== Segment start ==

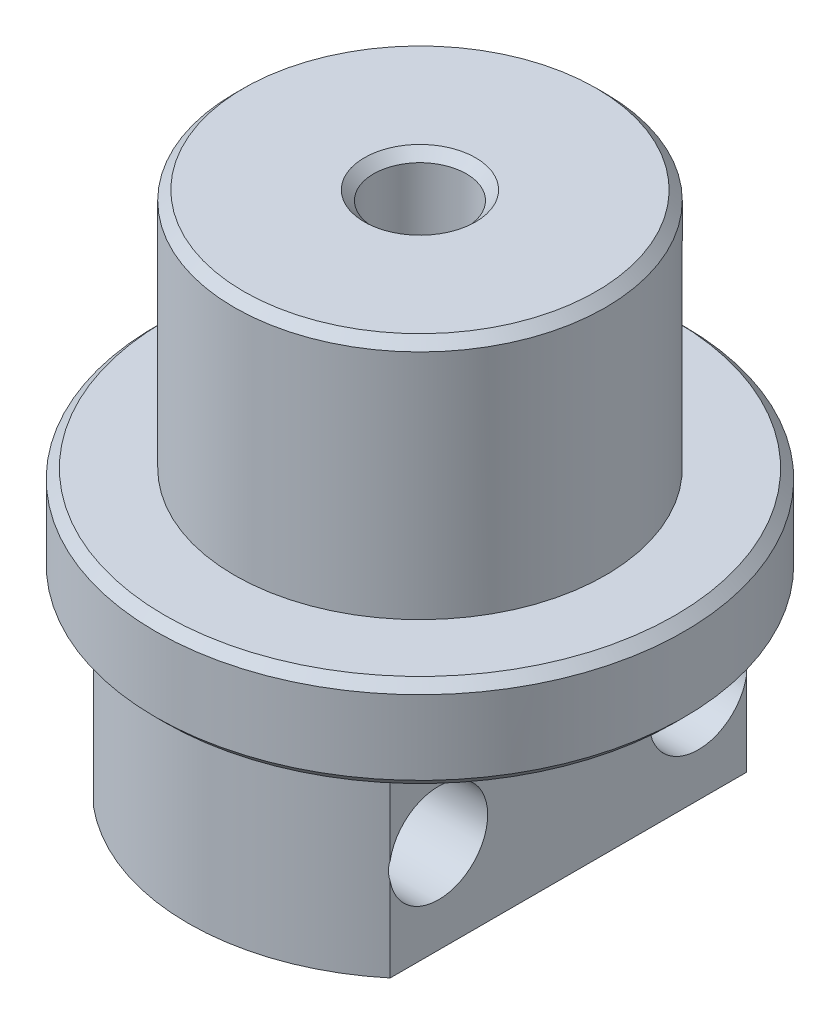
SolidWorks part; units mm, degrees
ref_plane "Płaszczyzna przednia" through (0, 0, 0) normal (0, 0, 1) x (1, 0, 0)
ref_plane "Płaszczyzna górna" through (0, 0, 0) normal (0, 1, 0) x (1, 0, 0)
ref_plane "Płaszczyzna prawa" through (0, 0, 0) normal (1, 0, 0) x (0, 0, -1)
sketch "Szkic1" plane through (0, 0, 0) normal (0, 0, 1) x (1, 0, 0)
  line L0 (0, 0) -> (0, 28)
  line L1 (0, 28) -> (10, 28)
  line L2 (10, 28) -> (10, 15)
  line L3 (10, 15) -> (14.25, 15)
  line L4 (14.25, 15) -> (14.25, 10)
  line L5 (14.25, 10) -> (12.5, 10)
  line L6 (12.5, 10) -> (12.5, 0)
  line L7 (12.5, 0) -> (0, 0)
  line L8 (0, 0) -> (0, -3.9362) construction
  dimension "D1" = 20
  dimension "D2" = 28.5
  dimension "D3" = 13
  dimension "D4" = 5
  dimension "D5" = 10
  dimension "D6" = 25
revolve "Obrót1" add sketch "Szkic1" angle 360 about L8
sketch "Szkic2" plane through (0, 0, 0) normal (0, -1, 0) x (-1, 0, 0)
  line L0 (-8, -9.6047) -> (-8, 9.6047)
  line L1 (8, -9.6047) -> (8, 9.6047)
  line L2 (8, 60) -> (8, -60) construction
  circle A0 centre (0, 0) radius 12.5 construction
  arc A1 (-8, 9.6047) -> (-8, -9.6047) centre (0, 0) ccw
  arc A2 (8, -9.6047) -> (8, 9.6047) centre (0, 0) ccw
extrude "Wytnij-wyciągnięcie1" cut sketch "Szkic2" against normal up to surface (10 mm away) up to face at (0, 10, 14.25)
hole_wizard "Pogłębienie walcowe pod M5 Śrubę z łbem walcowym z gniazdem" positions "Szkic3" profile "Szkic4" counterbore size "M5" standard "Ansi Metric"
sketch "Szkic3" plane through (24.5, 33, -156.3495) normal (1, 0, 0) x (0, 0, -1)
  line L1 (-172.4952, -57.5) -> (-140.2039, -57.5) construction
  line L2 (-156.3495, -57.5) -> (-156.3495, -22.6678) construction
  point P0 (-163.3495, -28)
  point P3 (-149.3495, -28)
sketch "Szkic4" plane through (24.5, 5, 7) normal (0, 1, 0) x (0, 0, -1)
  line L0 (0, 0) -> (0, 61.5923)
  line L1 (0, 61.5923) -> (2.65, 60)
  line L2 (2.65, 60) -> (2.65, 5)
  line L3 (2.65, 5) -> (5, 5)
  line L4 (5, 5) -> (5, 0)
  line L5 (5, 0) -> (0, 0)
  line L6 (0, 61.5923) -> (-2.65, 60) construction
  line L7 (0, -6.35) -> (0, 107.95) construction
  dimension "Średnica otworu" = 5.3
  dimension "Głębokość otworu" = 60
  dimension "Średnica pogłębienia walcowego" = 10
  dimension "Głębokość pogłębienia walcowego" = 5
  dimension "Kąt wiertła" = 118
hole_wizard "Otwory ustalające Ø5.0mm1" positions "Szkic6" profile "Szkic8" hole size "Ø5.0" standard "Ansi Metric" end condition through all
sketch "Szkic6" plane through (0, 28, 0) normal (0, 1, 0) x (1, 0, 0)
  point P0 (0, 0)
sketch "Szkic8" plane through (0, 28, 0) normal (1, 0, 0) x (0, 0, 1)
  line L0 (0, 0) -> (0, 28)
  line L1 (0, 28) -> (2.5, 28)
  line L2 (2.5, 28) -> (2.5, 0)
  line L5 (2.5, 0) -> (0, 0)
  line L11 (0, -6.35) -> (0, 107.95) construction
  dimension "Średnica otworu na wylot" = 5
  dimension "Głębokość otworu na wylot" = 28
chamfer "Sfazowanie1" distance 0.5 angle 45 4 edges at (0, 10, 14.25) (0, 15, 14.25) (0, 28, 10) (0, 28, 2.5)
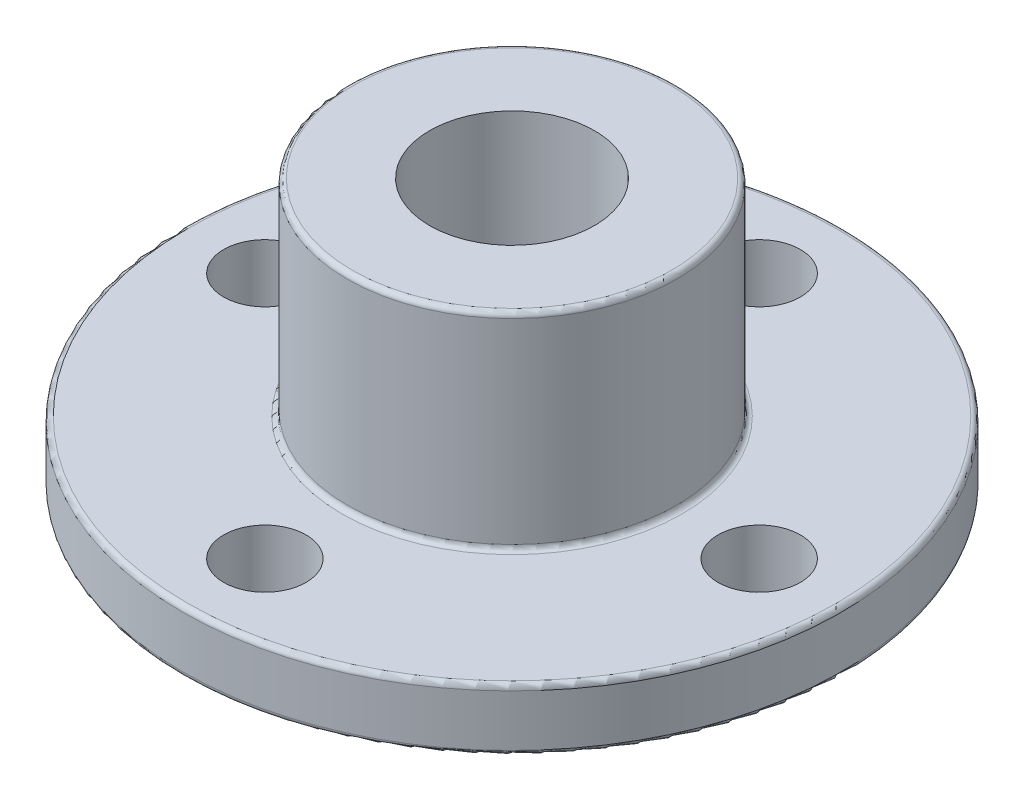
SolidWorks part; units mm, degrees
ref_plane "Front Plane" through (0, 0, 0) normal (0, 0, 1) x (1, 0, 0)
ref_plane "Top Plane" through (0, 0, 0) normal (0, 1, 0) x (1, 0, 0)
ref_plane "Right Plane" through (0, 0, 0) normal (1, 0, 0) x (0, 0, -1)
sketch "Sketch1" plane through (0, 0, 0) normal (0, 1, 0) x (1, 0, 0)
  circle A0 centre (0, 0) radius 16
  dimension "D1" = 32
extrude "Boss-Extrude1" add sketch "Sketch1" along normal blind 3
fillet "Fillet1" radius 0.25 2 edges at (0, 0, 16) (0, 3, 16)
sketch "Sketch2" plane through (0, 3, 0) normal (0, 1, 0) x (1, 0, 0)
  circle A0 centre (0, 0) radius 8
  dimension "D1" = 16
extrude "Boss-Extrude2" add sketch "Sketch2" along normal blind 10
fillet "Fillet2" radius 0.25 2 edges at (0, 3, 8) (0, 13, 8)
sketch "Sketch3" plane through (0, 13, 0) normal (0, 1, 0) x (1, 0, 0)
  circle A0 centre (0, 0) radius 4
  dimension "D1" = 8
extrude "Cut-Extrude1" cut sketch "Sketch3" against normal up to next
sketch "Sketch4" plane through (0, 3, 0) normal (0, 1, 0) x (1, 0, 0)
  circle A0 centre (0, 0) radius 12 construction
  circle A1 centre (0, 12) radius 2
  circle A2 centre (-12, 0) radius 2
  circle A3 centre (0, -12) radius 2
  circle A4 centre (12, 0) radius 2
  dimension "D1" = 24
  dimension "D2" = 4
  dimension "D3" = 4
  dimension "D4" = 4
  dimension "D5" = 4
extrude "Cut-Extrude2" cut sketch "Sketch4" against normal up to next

== Segment end ==

# Try it
Number of lines containing the word "next" in the listing: state it, and add no other text.

# Response area
2